Records from a dataset:
•••
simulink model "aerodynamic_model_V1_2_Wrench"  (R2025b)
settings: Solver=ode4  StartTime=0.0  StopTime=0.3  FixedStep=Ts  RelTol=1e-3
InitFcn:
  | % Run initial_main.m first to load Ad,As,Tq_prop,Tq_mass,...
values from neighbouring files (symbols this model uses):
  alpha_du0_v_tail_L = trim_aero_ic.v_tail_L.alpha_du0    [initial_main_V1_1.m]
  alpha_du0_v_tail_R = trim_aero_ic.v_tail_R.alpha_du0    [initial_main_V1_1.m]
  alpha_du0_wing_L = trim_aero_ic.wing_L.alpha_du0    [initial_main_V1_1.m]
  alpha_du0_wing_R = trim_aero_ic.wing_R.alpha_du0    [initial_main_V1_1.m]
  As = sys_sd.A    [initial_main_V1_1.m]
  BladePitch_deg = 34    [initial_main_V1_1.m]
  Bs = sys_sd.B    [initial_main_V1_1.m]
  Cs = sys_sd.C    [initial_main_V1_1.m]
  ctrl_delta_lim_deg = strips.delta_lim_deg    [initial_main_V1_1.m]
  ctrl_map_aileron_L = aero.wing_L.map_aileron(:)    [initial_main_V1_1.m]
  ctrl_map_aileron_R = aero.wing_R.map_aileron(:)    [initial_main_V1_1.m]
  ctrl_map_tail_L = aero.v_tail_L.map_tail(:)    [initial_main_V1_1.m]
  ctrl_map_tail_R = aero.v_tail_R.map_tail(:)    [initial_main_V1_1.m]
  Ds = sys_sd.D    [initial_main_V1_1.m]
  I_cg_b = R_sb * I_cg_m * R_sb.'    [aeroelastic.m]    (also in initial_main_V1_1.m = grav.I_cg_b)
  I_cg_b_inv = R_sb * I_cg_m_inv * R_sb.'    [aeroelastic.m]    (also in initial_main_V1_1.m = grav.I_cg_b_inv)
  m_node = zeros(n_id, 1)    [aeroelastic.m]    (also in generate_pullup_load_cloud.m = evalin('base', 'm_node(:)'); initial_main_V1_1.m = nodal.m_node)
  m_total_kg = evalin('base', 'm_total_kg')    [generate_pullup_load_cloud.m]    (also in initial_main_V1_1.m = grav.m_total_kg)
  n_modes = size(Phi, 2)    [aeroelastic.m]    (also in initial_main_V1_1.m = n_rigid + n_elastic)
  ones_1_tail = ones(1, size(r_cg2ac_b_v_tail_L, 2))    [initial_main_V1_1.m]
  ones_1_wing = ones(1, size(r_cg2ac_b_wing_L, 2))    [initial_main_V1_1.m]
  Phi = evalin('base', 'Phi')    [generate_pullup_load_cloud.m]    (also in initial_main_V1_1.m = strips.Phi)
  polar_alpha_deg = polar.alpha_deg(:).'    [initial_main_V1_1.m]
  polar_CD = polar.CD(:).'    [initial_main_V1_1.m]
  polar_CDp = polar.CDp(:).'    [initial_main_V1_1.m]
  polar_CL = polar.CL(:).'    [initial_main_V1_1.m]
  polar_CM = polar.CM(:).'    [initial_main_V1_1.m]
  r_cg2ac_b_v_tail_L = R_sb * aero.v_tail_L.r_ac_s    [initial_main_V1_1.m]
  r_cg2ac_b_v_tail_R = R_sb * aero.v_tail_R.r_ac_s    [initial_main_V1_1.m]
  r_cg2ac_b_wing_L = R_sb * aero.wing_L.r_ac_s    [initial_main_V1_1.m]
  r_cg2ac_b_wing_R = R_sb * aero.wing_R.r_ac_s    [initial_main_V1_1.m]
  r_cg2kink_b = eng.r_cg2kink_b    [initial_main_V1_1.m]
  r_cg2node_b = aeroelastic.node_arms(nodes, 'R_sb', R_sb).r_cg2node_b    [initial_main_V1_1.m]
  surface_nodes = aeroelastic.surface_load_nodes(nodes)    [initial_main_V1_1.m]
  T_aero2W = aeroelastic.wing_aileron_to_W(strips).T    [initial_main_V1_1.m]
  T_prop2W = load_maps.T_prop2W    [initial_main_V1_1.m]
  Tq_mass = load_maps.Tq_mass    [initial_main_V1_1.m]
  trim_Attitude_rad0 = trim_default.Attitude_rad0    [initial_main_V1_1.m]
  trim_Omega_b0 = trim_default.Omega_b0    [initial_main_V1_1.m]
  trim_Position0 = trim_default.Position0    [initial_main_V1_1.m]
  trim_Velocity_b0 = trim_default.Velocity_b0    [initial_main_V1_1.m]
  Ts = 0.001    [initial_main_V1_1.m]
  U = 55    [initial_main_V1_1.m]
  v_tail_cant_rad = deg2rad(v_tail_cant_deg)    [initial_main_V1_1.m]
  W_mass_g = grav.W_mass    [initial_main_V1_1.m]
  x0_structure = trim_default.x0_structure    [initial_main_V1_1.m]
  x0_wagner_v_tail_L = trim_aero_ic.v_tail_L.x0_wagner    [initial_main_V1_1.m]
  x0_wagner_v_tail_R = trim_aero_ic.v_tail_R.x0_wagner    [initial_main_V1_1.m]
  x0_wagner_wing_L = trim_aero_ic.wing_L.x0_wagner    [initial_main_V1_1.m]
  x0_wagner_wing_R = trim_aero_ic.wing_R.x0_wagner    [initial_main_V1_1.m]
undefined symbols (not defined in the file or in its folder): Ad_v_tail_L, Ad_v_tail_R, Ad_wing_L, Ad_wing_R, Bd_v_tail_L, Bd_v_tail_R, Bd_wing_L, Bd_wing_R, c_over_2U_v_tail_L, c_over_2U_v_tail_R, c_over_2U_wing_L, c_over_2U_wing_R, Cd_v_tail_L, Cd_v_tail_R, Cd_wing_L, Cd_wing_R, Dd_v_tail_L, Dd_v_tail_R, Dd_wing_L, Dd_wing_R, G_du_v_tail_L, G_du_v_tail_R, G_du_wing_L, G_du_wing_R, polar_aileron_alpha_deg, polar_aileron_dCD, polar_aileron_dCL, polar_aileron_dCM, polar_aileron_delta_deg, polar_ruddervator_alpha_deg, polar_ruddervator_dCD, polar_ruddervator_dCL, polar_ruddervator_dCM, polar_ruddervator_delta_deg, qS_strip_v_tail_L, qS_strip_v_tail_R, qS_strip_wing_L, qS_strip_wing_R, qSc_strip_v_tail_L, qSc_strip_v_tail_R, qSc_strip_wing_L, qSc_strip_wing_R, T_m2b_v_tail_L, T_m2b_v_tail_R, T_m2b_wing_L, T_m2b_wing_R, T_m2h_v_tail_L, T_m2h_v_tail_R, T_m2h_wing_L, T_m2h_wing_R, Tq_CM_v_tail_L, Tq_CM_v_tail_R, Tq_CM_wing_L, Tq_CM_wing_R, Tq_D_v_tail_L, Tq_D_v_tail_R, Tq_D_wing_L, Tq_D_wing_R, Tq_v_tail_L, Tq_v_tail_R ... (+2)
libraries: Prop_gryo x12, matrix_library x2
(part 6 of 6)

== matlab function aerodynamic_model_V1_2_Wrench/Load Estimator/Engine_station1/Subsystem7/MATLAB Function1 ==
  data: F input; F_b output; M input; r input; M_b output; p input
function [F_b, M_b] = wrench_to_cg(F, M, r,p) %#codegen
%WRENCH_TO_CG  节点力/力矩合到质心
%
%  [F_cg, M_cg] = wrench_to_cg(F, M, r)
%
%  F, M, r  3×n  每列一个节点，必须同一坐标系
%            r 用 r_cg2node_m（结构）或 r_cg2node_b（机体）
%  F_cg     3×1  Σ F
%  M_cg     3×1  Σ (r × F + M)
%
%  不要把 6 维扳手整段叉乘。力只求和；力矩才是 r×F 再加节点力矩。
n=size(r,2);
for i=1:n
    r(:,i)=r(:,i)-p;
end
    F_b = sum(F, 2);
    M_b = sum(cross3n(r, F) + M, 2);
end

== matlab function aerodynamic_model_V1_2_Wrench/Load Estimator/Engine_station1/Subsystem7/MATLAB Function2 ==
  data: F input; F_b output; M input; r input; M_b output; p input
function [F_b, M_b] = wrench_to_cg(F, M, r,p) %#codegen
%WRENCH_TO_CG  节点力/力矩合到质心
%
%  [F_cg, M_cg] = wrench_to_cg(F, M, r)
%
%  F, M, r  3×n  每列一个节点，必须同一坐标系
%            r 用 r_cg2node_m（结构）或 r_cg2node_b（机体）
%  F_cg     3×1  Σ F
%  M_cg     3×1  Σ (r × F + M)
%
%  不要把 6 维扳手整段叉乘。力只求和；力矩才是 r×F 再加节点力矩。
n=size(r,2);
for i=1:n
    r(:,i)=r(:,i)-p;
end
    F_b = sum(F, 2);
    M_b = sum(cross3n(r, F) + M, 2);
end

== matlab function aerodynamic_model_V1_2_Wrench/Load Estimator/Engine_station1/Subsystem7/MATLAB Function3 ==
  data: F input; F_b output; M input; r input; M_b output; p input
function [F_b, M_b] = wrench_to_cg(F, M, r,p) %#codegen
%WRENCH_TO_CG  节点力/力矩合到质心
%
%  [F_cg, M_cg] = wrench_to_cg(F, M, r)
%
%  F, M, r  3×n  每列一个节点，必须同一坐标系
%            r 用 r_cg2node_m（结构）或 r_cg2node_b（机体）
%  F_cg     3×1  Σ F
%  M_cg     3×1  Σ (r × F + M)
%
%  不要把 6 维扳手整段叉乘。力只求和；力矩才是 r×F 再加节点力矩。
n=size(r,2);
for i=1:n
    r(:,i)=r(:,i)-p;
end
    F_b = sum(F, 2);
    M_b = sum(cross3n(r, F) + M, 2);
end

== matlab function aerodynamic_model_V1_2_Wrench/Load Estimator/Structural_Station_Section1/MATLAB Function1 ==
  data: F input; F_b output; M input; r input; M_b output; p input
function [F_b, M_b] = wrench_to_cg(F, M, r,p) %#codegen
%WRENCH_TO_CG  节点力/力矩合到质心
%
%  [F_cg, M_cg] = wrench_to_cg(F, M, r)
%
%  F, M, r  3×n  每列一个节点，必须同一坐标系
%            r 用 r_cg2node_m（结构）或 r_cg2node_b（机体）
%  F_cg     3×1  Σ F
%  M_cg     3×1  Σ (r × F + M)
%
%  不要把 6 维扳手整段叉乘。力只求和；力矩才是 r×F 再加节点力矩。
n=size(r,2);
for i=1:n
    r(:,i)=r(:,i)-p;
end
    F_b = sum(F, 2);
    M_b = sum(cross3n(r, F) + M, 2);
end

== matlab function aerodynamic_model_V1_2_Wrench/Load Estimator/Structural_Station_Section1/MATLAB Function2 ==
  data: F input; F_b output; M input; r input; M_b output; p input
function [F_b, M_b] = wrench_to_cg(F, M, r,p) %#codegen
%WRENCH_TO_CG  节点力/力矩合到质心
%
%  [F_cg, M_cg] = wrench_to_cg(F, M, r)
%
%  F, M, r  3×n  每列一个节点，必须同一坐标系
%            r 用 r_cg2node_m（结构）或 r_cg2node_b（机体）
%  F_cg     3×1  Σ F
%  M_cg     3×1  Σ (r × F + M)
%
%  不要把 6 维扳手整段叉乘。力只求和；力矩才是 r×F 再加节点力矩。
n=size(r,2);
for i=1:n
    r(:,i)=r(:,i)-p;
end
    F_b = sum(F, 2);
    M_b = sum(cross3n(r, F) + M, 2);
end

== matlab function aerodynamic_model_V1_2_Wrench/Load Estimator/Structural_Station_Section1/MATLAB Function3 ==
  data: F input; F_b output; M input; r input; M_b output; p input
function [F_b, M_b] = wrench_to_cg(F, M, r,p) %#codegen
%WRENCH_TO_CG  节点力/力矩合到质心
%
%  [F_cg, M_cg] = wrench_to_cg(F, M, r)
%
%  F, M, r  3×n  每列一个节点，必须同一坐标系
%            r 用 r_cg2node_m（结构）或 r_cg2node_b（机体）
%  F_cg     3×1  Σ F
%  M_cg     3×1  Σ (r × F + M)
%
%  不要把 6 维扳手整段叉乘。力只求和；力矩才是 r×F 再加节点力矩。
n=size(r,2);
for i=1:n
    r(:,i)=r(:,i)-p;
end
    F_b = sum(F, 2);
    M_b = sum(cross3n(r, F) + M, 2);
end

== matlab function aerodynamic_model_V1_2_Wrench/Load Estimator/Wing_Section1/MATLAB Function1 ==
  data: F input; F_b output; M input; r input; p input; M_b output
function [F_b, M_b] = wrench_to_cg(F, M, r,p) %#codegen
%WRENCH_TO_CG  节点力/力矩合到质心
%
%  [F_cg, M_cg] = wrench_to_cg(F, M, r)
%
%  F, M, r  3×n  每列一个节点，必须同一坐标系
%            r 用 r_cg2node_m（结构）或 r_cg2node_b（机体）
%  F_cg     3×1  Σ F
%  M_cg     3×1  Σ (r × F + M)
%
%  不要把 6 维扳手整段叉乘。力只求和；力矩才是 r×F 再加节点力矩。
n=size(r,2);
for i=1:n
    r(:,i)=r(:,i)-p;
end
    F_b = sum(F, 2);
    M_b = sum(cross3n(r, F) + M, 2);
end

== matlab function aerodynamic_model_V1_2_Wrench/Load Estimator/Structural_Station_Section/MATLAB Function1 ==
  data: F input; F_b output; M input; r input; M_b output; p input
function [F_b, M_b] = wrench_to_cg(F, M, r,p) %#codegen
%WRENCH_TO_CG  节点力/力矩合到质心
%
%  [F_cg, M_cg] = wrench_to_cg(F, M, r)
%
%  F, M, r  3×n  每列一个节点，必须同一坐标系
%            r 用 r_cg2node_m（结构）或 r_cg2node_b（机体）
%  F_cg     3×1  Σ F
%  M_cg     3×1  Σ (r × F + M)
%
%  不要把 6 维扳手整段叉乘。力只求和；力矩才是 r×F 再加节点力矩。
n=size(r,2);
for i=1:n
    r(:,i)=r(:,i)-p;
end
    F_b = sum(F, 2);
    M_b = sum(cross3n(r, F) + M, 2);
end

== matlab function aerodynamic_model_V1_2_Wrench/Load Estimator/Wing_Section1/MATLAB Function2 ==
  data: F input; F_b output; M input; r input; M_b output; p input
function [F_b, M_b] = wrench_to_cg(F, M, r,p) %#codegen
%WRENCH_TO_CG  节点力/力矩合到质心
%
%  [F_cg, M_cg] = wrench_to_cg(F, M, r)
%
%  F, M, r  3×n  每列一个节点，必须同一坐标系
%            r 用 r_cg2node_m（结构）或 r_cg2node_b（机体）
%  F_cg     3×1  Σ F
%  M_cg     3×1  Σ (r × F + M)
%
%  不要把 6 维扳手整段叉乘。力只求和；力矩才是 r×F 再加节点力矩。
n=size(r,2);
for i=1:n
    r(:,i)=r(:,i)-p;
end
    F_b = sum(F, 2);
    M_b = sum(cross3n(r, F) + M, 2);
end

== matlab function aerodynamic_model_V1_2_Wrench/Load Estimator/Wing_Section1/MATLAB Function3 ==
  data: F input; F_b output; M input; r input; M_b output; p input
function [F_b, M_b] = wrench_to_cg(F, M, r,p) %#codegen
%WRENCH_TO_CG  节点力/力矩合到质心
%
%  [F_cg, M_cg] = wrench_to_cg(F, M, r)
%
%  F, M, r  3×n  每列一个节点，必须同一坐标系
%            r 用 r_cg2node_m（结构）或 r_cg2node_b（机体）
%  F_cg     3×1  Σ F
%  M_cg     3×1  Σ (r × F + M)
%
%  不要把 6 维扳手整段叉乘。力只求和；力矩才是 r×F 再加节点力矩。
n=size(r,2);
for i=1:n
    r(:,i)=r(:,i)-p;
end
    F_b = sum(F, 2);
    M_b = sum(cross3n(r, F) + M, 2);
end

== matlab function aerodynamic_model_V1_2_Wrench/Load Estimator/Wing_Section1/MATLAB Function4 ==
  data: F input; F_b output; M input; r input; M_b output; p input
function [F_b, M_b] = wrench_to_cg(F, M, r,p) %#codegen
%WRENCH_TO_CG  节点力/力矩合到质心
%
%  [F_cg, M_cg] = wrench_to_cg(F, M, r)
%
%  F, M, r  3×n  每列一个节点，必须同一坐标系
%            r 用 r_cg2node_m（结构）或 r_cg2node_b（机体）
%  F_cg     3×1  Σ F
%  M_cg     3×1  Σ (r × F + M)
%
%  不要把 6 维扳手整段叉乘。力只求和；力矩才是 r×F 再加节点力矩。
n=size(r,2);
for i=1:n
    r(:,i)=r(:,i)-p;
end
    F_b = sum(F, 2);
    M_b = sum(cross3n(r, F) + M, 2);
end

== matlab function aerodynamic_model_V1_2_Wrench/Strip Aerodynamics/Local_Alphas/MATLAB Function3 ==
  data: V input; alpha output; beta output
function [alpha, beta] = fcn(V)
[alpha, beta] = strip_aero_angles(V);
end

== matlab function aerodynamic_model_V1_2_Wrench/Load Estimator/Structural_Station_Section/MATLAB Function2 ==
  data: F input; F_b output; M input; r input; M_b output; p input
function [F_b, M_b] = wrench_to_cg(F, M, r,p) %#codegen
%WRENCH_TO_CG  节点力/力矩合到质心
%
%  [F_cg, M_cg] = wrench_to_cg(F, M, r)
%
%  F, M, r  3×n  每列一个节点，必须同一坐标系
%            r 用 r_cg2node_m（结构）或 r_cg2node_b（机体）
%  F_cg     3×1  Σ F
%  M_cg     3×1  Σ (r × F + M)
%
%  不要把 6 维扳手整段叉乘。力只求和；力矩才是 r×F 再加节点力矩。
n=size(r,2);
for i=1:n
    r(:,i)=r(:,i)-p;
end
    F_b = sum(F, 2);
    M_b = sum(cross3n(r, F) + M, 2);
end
•••
# [What needs to be done]
In the entries above, locate every line with the word "Estimator" and copy it.

# [Task result]
== matlab function aerodynamic_model_V1_2_Wrench/Load Estimator/Engine_station1/Subsystem7/MATLAB Function1 ==
== matlab function aerodynamic_model_V1_2_Wrench/Load Estimator/Engine_station1/Subsystem7/MATLAB Function2 ==
== matlab function aerodynamic_model_V1_2_Wrench/Load Estimator/Engine_station1/Subsystem7/MATLAB Function3 ==
== matlab function aerodynamic_model_V1_2_Wrench/Load Estimator/Structural_Station_Section1/MATLAB Function1 ==
== matlab function aerodynamic_model_V1_2_Wrench/Load Estimator/Structural_Station_Section1/MATLAB Function2 ==
== matlab function aerodynamic_model_V1_2_Wrench/Load Estimator/Structural_Station_Section1/MATLAB Function3 ==
== matlab function aerodynamic_model_V1_2_Wrench/Load Estimator/Wing_Section1/MATLAB Function1 ==
== matlab function aerodynamic_model_V1_2_Wrench/Load Estimator/Structural_Station_Section/MATLAB Function1 ==
== matlab function aerodynamic_model_V1_2_Wrench/Load Estimator/Wing_Section1/MATLAB Function2 ==
== matlab function aerodynamic_model_V1_2_Wrench/Load Estimator/Wing_Section1/MATLAB Function3 ==
== matlab function aerodynamic_model_V1_2_Wrench/Load Estimator/Wing_Section1/MATLAB Function4 ==
== matlab function aerodynamic_model_V1_2_Wrench/Load Estimator/Structural_Station_Section/MATLAB Function2 ==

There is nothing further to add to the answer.